Bisogna anche dire che, per quanto in nicchie un po’
marginali, ormai le autoetnografie hanno una storia di più
decenni (e trovano la loro origine in testi classici della
tradizione sociologica, come Hobo di Anderson) e articoli e
volumi, soprattutto nel mondo anglosassone sono ampiamente
diffusi, per cui parliamo di qualcosa che affonda le proprie basi
in una letteratura ed in una riflessione che ha un significativo
spessore (come viene ampiamente analizzato nella seconda
parte di questo volume), ciò nonostante le resistenze sono
molte, quasi che tale metodo metta in discussione la legittimità
stessa della ricerca sociale.
Vediamo perché.

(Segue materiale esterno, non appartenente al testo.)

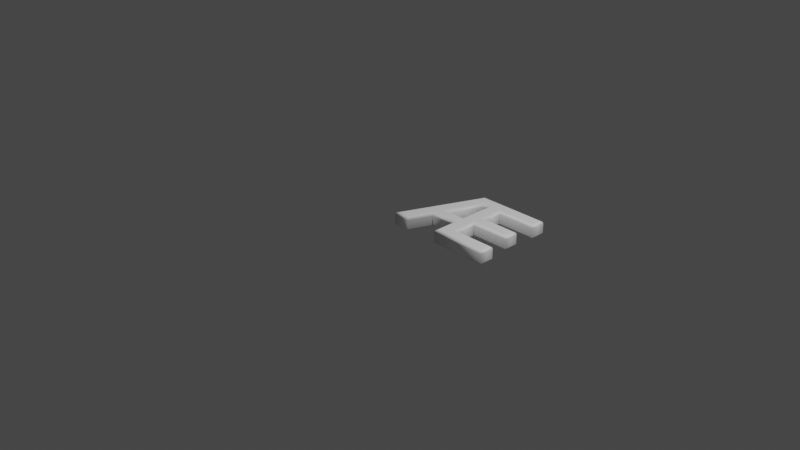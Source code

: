 # Source: 198.blend  (saved by Blender 2.83.19; exported with 4.5.12 LTS)
import bpy
from mathutils import Matrix  # noqa: F401  (used for matrix-valued properties, if any)

bpy.ops.wm.read_factory_settings(use_empty=True)
scene = bpy.context.scene
scene.name = 'Scene'

# ---- collections
col_collection = bpy.data.collections.new('Collection'); scene.collection.children.link(col_collection)

# ---- materials (node trees are filled in below, after node groups)
mat_material = bpy.data.materials.new('Material')
mat_material.alpha_threshold = 0.0
mat_material.use_transparent_shadow = False
mat_material.line_color = (0.0, 0.0, 0.0, 1.0)

# ---- material node trees
mat_material.use_nodes = True; mat_material.node_tree.nodes.clear()
_N = mat_material.node_tree.nodes; _L = mat_material.node_tree.links
n0 = _N.new('ShaderNodeOutputMaterial'); n0.name = 'Material Output'; n0.location = (300, 300)
n1 = _N.new('ShaderNodeBsdfPrincipled'); n1.name = 'Principled BSDF'; n1.location = (10, 300)
n1.distribution = 'GGX'
n1.subsurface_method = 'BURLEY'
n1.inputs[0].default_value = (1.0, 1.0, 1.0, 1.0)
n1.inputs[2].default_value = 0.4
n1.inputs[3].default_value = 1.45
n1.inputs[27].default_value = (0.0, 0.0, 0.0, 1.0)
n1.inputs[28].default_value = 1.0
_L.new(n1.outputs[0], n0.inputs[0])
n0.is_active_output = True

# ---- world
world_world = bpy.data.worlds.new('World'); scene.world = world_world
world_world.use_nodes = True; world_world.node_tree.nodes.clear()
_N = world_world.node_tree.nodes; _L = world_world.node_tree.links
n0 = _N.new('ShaderNodeOutputWorld'); n0.name = 'World Output'; n0.location = (300, 300)
n1 = _N.new('ShaderNodeBackground'); n1.name = 'Background'; n1.location = (10, 300)
n1.inputs[0].default_value = (0.05088, 0.05088, 0.05088, 1.0)
_L.new(n1.outputs[0], n0.inputs[0])
n0.is_active_output = True
world_world.color = (0.05088, 0.05088, 0.05088)
world_world.use_sun_shadow = False
world_world.sun_shadow_jitter_overblur = 0.0

# ---- cameras
cam_camera = bpy.data.cameras.new('Camera')
cam_camera.clip_end = 100.0
cam_camera.ortho_scale = 7.314

# ---- lights
light_light = bpy.data.lights.new('Light', 'POINT')
light_light.transmission_factor = 0.0
light_light.energy = 1000.0
light_light.shadow_soft_size = 0.1
light_light.shadow_maximum_resolution = 0.006
light_light.use_absolute_resolution = True

# ---- meshes
me_198 = bpy.data.meshes.new('198')
me_198.from_pydata([(0.5592, 1.311e-09, 0.08), (0.5592, 0.2536, 0.08), (0.2405, 0.2536, 0.08), (0.1398, 1.311e-09, 0.08), (0.01777, 1.311e-09, 0.08), (0.372, 0.8637, 0.08), (1.109, 0.8637, 0.08), (1.109, 0.7666, 0.08), (0.6694, 0.7666, 0.08), (0.6694, 0.4905, 0.08), (1.086, 0.4905, 0.08), (1.086, 0.3934, 0.08), (0.6694, 0.3934, 0.08), (0.6694, 0.09716, 0.08), (1.13, 0.09716, 0.08), (1.13, 1.311e-09, 0.08), (0.2773, 0.3507, 0.08), (0.5592, 0.3507, 0.08), (0.5592, 0.7666, 0.08), (0.4408, 0.7666, 0.08), (0.5592, -3.577e-10, -0.08), (0.5592, 0.2536, -0.08), (0.2405, 0.2536, -0.08), (0.1398, -3.577e-10, -0.08), (0.01777, -3.577e-10, -0.08), (0.372, 0.8637, -0.08), (1.109, 0.8637, -0.08), (1.109, 0.7666, -0.08), (0.6694, 0.7666, -0.08), (0.6694, 0.4905, -0.08), (1.086, 0.4905, -0.08), (1.086, 0.3934, -0.08), (0.6694, 0.3934, -0.08), (0.6694, 0.09716, -0.08), (1.13, 0.09716, -0.08), (1.13, -3.577e-10, -0.08), (0.2773, 0.3507, -0.08), (0.5592, 0.3507, -0.08), (0.5592, 0.7666, -0.08), (0.4408, 0.7666, -0.08), (0.5592, -3.577e-10, -0.08), (0.5478, -0.01148, -0.07772), (0.538, -0.02121, -0.07121), (0.5315, -0.02772, -0.06148), (0.5292, -0.03, -0.05), (0.5292, -0.03, 0.05), (0.5315, -0.02772, 0.06148), (0.538, -0.02121, 0.07121), (0.5478, -0.01148, 0.07772), (0.5592, 1.311e-09, 0.08), (0.5592, 0.2536, -0.08), (0.5478, 0.2421, -0.07772), (0.538, 0.2323, -0.07121), (0.5315, 0.2258, -0.06148), (0.5292, 0.2236, -0.05), (0.5292, 0.2236, 0.05), (0.5315, 0.2258, 0.06148), (0.538, 0.2323, 0.07121), (0.5478, 0.2421, 0.07772), (0.5592, 0.2536, 0.08), (0.2405, 0.2536, -0.08), (0.2483, 0.2421, -0.07772), (0.2549, 0.2323, -0.07121), (0.2593, 0.2258, -0.06148), (0.2609, 0.2236, -0.05), (0.2609, 0.2236, 0.05), (0.2593, 0.2258, 0.06148), (0.2549, 0.2323, 0.07121), (0.2483, 0.2421, 0.07772), (0.2405, 0.2536, 0.08), (0.1398, -3.577e-10, -0.08), (0.1476, -0.01148, -0.07772), (0.1542, -0.02121, -0.07121), (0.1586, -0.02772, -0.06148), (0.1602, -0.03, -0.05), (0.1602, -0.03, 0.05), (0.1586, -0.02772, 0.06148), (0.1542, -0.02121, 0.07121), (0.1476, -0.01148, 0.07772), (0.1398, 1.311e-09, 0.08), (0.01777, -3.577e-10, -0.08), (0.0006551, -0.01148, -0.07772), (-0.01386, -0.02121, -0.07121), (-0.02355, -0.02772, -0.06148), (-0.02696, -0.03, -0.05), (-0.02696, -0.03, 0.05), (-0.02355, -0.02772, 0.06148), (-0.01386, -0.02121, 0.07121), (0.0006551, -0.01148, 0.07772), (0.01777, 1.311e-09, 0.08), (0.372, 0.8637, -0.08), (0.3643, 0.8752, -0.07772), (0.3578, 0.885, -0.07121), (0.3534, 0.8915, -0.06148), (0.3519, 0.8937, -0.05), (0.3519, 0.8937, 0.05), (0.3534, 0.8915, 0.06148), (0.3578, 0.885, 0.07121), (0.3643, 0.8752, 0.07772), (0.372, 0.8637, 0.08), (1.109, 0.8637, -0.08), (1.12, 0.8752, -0.07772), (1.13, 0.885, -0.07121), (1.137, 0.8915, -0.06148), (1.139, 0.8937, -0.05), (1.139, 0.8937, 0.05), (1.137, 0.8915, 0.06148), (1.13, 0.885, 0.07121), (1.12, 0.8752, 0.07772), (1.109, 0.8637, 0.08), (1.109, 0.7666, -0.08), (1.12, 0.7551, -0.07772), (1.13, 0.7454, -0.07121), (1.137, 0.7389, -0.06148), (1.139, 0.7366, -0.05), (1.139, 0.7366, 0.05), (1.137, 0.7389, 0.06148), (1.13, 0.7454, 0.07121), (1.12, 0.7551, 0.07772), (1.109, 0.7666, 0.08), (0.6694, 0.7666, -0.08), (0.6809, 0.7551, -0.07772), (0.6906, 0.7454, -0.07121), (0.6971, 0.7389, -0.06148), (0.6994, 0.7366, -0.05), (0.6994, 0.7366, 0.05), (0.6971, 0.7389, 0.06148), (0.6906, 0.7454, 0.07121), (0.6809, 0.7551, 0.07772), (0.6694, 0.7666, 0.08), (0.6694, 0.4905, -0.08), (0.6809, 0.502, -0.07772), (0.6906, 0.5117, -0.07121), (0.6971, 0.5182, -0.06148), (0.6994, 0.5205, -0.05), (0.6994, 0.5205, 0.05), (0.6971, 0.5182, 0.06148), (0.6906, 0.5117, 0.07121), (0.6809, 0.502, 0.07772), (0.6694, 0.4905, 0.08), (1.086, 0.4905, -0.08), (1.098, 0.502, -0.07772), (1.108, 0.5117, -0.07121), (1.114, 0.5182, -0.06148), (1.116, 0.5205, -0.05), (1.116, 0.5205, 0.05), (1.114, 0.5182, 0.06148), (1.108, 0.5117, 0.07121), (1.098, 0.502, 0.07772), (1.086, 0.4905, 0.08), (1.086, 0.3934, -0.08), (1.098, 0.3819, -0.07772), (1.108, 0.3722, -0.07121), (1.114, 0.3656, -0.06148), (1.116, 0.3634, -0.05), (1.116, 0.3634, 0.05), (1.114, 0.3656, 0.06148), (1.108, 0.3722, 0.07121), (1.098, 0.3819, 0.07772), (1.086, 0.3934, 0.08), (0.6694, 0.3934, -0.08), (0.6809, 0.3819, -0.07772), (0.6906, 0.3722, -0.07121), (0.6971, 0.3656, -0.06148), (0.6994, 0.3634, -0.05), (0.6994, 0.3634, 0.05), (0.6971, 0.3656, 0.06148), (0.6906, 0.3722, 0.07121), (0.6809, 0.3819, 0.07772), (0.6694, 0.3934, 0.08), (0.6694, 0.09716, -0.08), (0.6809, 0.1086, -0.07772), (0.6906, 0.1184, -0.07121), (0.6971, 0.1249, -0.06148), (0.6994, 0.1272, -0.05), (0.6994, 0.1272, 0.05), (0.6971, 0.1249, 0.06148), (0.6906, 0.1184, 0.07121), (0.6809, 0.1086, 0.07772), (0.6694, 0.09716, 0.08), (1.13, 0.09716, -0.08), (1.142, 0.1086, -0.07772), (1.152, 0.1184, -0.07121), (1.158, 0.1249, -0.06148), (1.16, 0.1272, -0.05), (1.16, 0.1272, 0.05), (1.158, 0.1249, 0.06148), (1.152, 0.1184, 0.07121), (1.142, 0.1086, 0.07772), (1.13, 0.09716, 0.08), (1.13, -3.577e-10, -0.08), (1.142, -0.01148, -0.07772), (1.152, -0.02121, -0.07121), (1.158, -0.02772, -0.06148), (1.16, -0.03, -0.05), (1.16, -0.03, 0.05), (1.158, -0.02772, 0.06148), (1.152, -0.02121, 0.07121), (1.142, -0.01148, 0.07772), (1.13, 1.311e-09, 0.08), (0.2773, 0.3507, -0.08), (0.2941, 0.3622, -0.07772), (0.3084, 0.3719, -0.07121), (0.3179, 0.3784, -0.06148), (0.3213, 0.3807, -0.05), (0.3213, 0.3807, 0.05), (0.3179, 0.3784, 0.06148), (0.3084, 0.3719, 0.07121), (0.2941, 0.3622, 0.07772), (0.2773, 0.3507, 0.08), (0.5592, 0.3507, -0.08), (0.5478, 0.3622, -0.07772), (0.538, 0.3719, -0.07121), (0.5315, 0.3784, -0.06148), (0.5292, 0.3807, -0.05), (0.5292, 0.3807, 0.05), (0.5315, 0.3784, 0.06148), (0.538, 0.3719, 0.07121), (0.5478, 0.3622, 0.07772), (0.5592, 0.3507, 0.08), (0.5592, 0.7666, -0.08), (0.5478, 0.7551, -0.07772), (0.538, 0.7454, -0.07121), (0.5315, 0.7389, -0.06148), (0.5292, 0.7366, -0.05), (0.5292, 0.7366, 0.05), (0.5315, 0.7389, 0.06148), (0.538, 0.7454, 0.07121), (0.5478, 0.7551, 0.07772), (0.5592, 0.7666, 0.08), (0.4408, 0.7666, -0.08), (0.4486, 0.7551, -0.07772), (0.4552, 0.7454, -0.07121), (0.4596, 0.7389, -0.06148), (0.4612, 0.7366, -0.05), (0.4612, 0.7366, 0.05), (0.4596, 0.7389, 0.06148), (0.4552, 0.7454, 0.07121), (0.4486, 0.7551, 0.07772), (0.4408, 0.7666, 0.08)], [], [(4, 19, 5), (19, 6, 5), (19, 7, 6), (4, 16, 19), (18, 7, 19), (17, 8, 18), (8, 7, 18), (17, 9, 8), (17, 12, 9), (12, 10, 9), (12, 11, 10), (17, 13, 12), (4, 2, 16), (2, 17, 16), (2, 1, 17), (1, 13, 17), (4, 3, 2), (0, 13, 1), (0, 14, 13), (0, 15, 14), (39, 24, 25), (26, 39, 25), (27, 39, 26), (36, 24, 39), (27, 38, 39), (28, 37, 38), (27, 28, 38), (29, 37, 28), (32, 37, 29), (30, 32, 29), (31, 32, 30), (33, 37, 32), (22, 24, 36), (37, 22, 36), (21, 22, 37), (33, 21, 37), (23, 24, 22), (33, 20, 21), (34, 20, 33), (35, 20, 34), (41, 51, 50, 40), (42, 52, 51, 41), (43, 53, 52, 42), (44, 54, 53, 43), (45, 55, 54, 44), (46, 56, 55, 45), (47, 57, 56, 46), (48, 58, 57, 47), (49, 59, 58, 48), (51, 61, 60, 50), (52, 62, 61, 51), (53, 63, 62, 52), (54, 64, 63, 53), (55, 65, 64, 54), (56, 66, 65, 55), (57, 67, 66, 56), (58, 68, 67, 57), (59, 69, 68, 58), (61, 71, 70, 60), (62, 72, 71, 61), (63, 73, 72, 62), (64, 74, 73, 63), (65, 75, 74, 64), (66, 76, 75, 65), (67, 77, 76, 66), (68, 78, 77, 67), (69, 79, 78, 68), (71, 81, 80, 70), (72, 82, 81, 71), (73, 83, 82, 72), (74, 84, 83, 73), (75, 85, 84, 74), (76, 86, 85, 75), (77, 87, 86, 76), (78, 88, 87, 77), (79, 89, 88, 78), (81, 91, 90, 80), (82, 92, 91, 81), (83, 93, 92, 82), (84, 94, 93, 83), (85, 95, 94, 84), (86, 96, 95, 85), (87, 97, 96, 86), (88, 98, 97, 87), (89, 99, 98, 88), (91, 101, 100, 90), (92, 102, 101, 91), (93, 103, 102, 92), (94, 104, 103, 93), (95, 105, 104, 94), (96, 106, 105, 95), (97, 107, 106, 96), (98, 108, 107, 97), (99, 109, 108, 98), (101, 111, 110, 100), (102, 112, 111, 101), (103, 113, 112, 102), (104, 114, 113, 103), (105, 115, 114, 104), (106, 116, 115, 105), (107, 117, 116, 106), (108, 118, 117, 107), (109, 119, 118, 108), (111, 121, 120, 110), (112, 122, 121, 111), (113, 123, 122, 112), (114, 124, 123, 113), (115, 125, 124, 114), (116, 126, 125, 115), (117, 127, 126, 116), (118, 128, 127, 117), (119, 129, 128, 118), (121, 131, 130, 120), (122, 132, 131, 121), (123, 133, 132, 122), (124, 134, 133, 123), (125, 135, 134, 124), (126, 136, 135, 125), (127, 137, 136, 126), (128, 138, 137, 127), (129, 139, 138, 128), (131, 141, 140, 130), (132, 142, 141, 131), (133, 143, 142, 132), (134, 144, 143, 133), (135, 145, 144, 134), (136, 146, 145, 135), (137, 147, 146, 136), (138, 148, 147, 137), (139, 149, 148, 138), (141, 151, 150, 140), (142, 152, 151, 141), (143, 153, 152, 142), (144, 154, 153, 143), (145, 155, 154, 144), (146, 156, 155, 145), (147, 157, 156, 146), (148, 158, 157, 147), (149, 159, 158, 148), (151, 161, 160, 150), (152, 162, 161, 151), (153, 163, 162, 152), (154, 164, 163, 153), (155, 165, 164, 154), (156, 166, 165, 155), (157, 167, 166, 156), (158, 168, 167, 157), (159, 169, 168, 158), (161, 171, 170, 160), (162, 172, 171, 161), (163, 173, 172, 162), (164, 174, 173, 163), (165, 175, 174, 164), (166, 176, 175, 165), (167, 177, 176, 166), (168, 178, 177, 167), (169, 179, 178, 168), (171, 181, 180, 170), (172, 182, 181, 171), (173, 183, 182, 172), (174, 184, 183, 173), (175, 185, 184, 174), (176, 186, 185, 175), (177, 187, 186, 176), (178, 188, 187, 177), (179, 189, 188, 178), (181, 191, 190, 180), (182, 192, 191, 181), (183, 193, 192, 182), (184, 194, 193, 183), (185, 195, 194, 184), (186, 196, 195, 185), (187, 197, 196, 186), (188, 198, 197, 187), (189, 199, 198, 188), (191, 41, 40, 190), (192, 42, 41, 191), (193, 43, 42, 192), (194, 44, 43, 193), (195, 45, 44, 194), (196, 46, 45, 195), (197, 47, 46, 196), (198, 48, 47, 197), (199, 49, 48, 198), (201, 211, 210, 200), (202, 212, 211, 201), (203, 213, 212, 202), (204, 214, 213, 203), (205, 215, 214, 204), (206, 216, 215, 205), (207, 217, 216, 206), (208, 218, 217, 207), (209, 219, 218, 208), (211, 221, 220, 210), (212, 222, 221, 211), (213, 223, 222, 212), (214, 224, 223, 213), (215, 225, 224, 214), (216, 226, 225, 215), (217, 227, 226, 216), (218, 228, 227, 217), (219, 229, 228, 218), (221, 231, 230, 220), (222, 232, 231, 221), (223, 233, 232, 222), (224, 234, 233, 223), (225, 235, 234, 224), (226, 236, 235, 225), (227, 237, 236, 226), (228, 238, 237, 227), (229, 239, 238, 228), (231, 201, 200, 230), (232, 202, 201, 231), (233, 203, 202, 232), (234, 204, 203, 233), (235, 205, 204, 234), (236, 206, 205, 235), (237, 207, 206, 236), (238, 208, 207, 237), (239, 209, 208, 238)])
me_198.polygons.foreach_set('use_smooth', [0, 0, 0, 0, 0, 0, 0, 0, 0, 0, 0, 0, 0, 0, 0, 0, 0, 0, 0, 0, 0, 0, 0, 0, 0, 0, 0, 0, 0, 0, 0, 0, 0, 0, 0, 0, 0, 0, 0, 0, 1, 1, 1, 1, 1, 1, 1, 1, 1, 1, 1, 1, 1, 1, 1, 1, 1, 1, 1, 1, 1, 1, 1, 1, 1, 1, 1, 1, 1, 1, 1, 1, 1, 1, 1, 1, 1, 1, 1, 1, 1, 1, 1, 1, 1, 1, 1, 1, 1, 1, 1, 1, 1, 1, 1, 1, 1, 1, 1, 1, 1, 1, 1, 1, 1, 1, 1, 1, 1, 1, 1, 1, 1, 1, 1, 1, 1, 1, 1, 1, 1, 1, 1, 1, 1, 1, 1, 1, 1, 1, 1, 1, 1, 1, 1, 1, 1, 1, 1, 1, 1, 1, 1, 1, 1, 1, 1, 1, 1, 1, 1, 1, 1, 1, 1, 1, 1, 1, 1, 1, 1, 1, 1, 1, 1, 1, 1, 1, 1, 1, 1, 1, 1, 1, 1, 1, 1, 1, 1, 1, 1, 1, 1, 1, 1, 1, 1, 1, 1, 1, 1, 1, 1, 1, 1, 1, 1, 1, 1, 1, 1, 1, 1, 1, 1, 1, 1, 1, 1, 1, 1, 1, 1, 1, 1, 1, 1, 1, 1, 1])
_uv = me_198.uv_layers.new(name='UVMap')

L’autoetnografia porta a compimento un
cortocircuito che è fin dalle origini presente tanto nella ricerca
sociale che in quella etnografica.
Uno dei nodi più dibattuti nella riflessione metodologica del
‘900 è il rapporto che si istituisce tra l’osservatore e l’oggetto
osservato, ovvero se essi siano separati oppure siano entrambi
compresi nello stesso sistema di osservazione e quanto
dell’osservazione dipenda dalla relazione che si istituisce tra
osservatore ed oggetto osservato.
È una riflessione che non appartiene solo alle scienze
sociali, ma che con Heisemberg ha fatto irruzione nelle scienze
più dure.
Paradossalmente nella storia della metodologia delle scienze
sociali il rapporto tra il ricercatore e il mondo sociale osservato
ha costituito non solo un oggetto di grandi discussioni, ma lo
stimolo per ricerche di grande fascino ed interesse.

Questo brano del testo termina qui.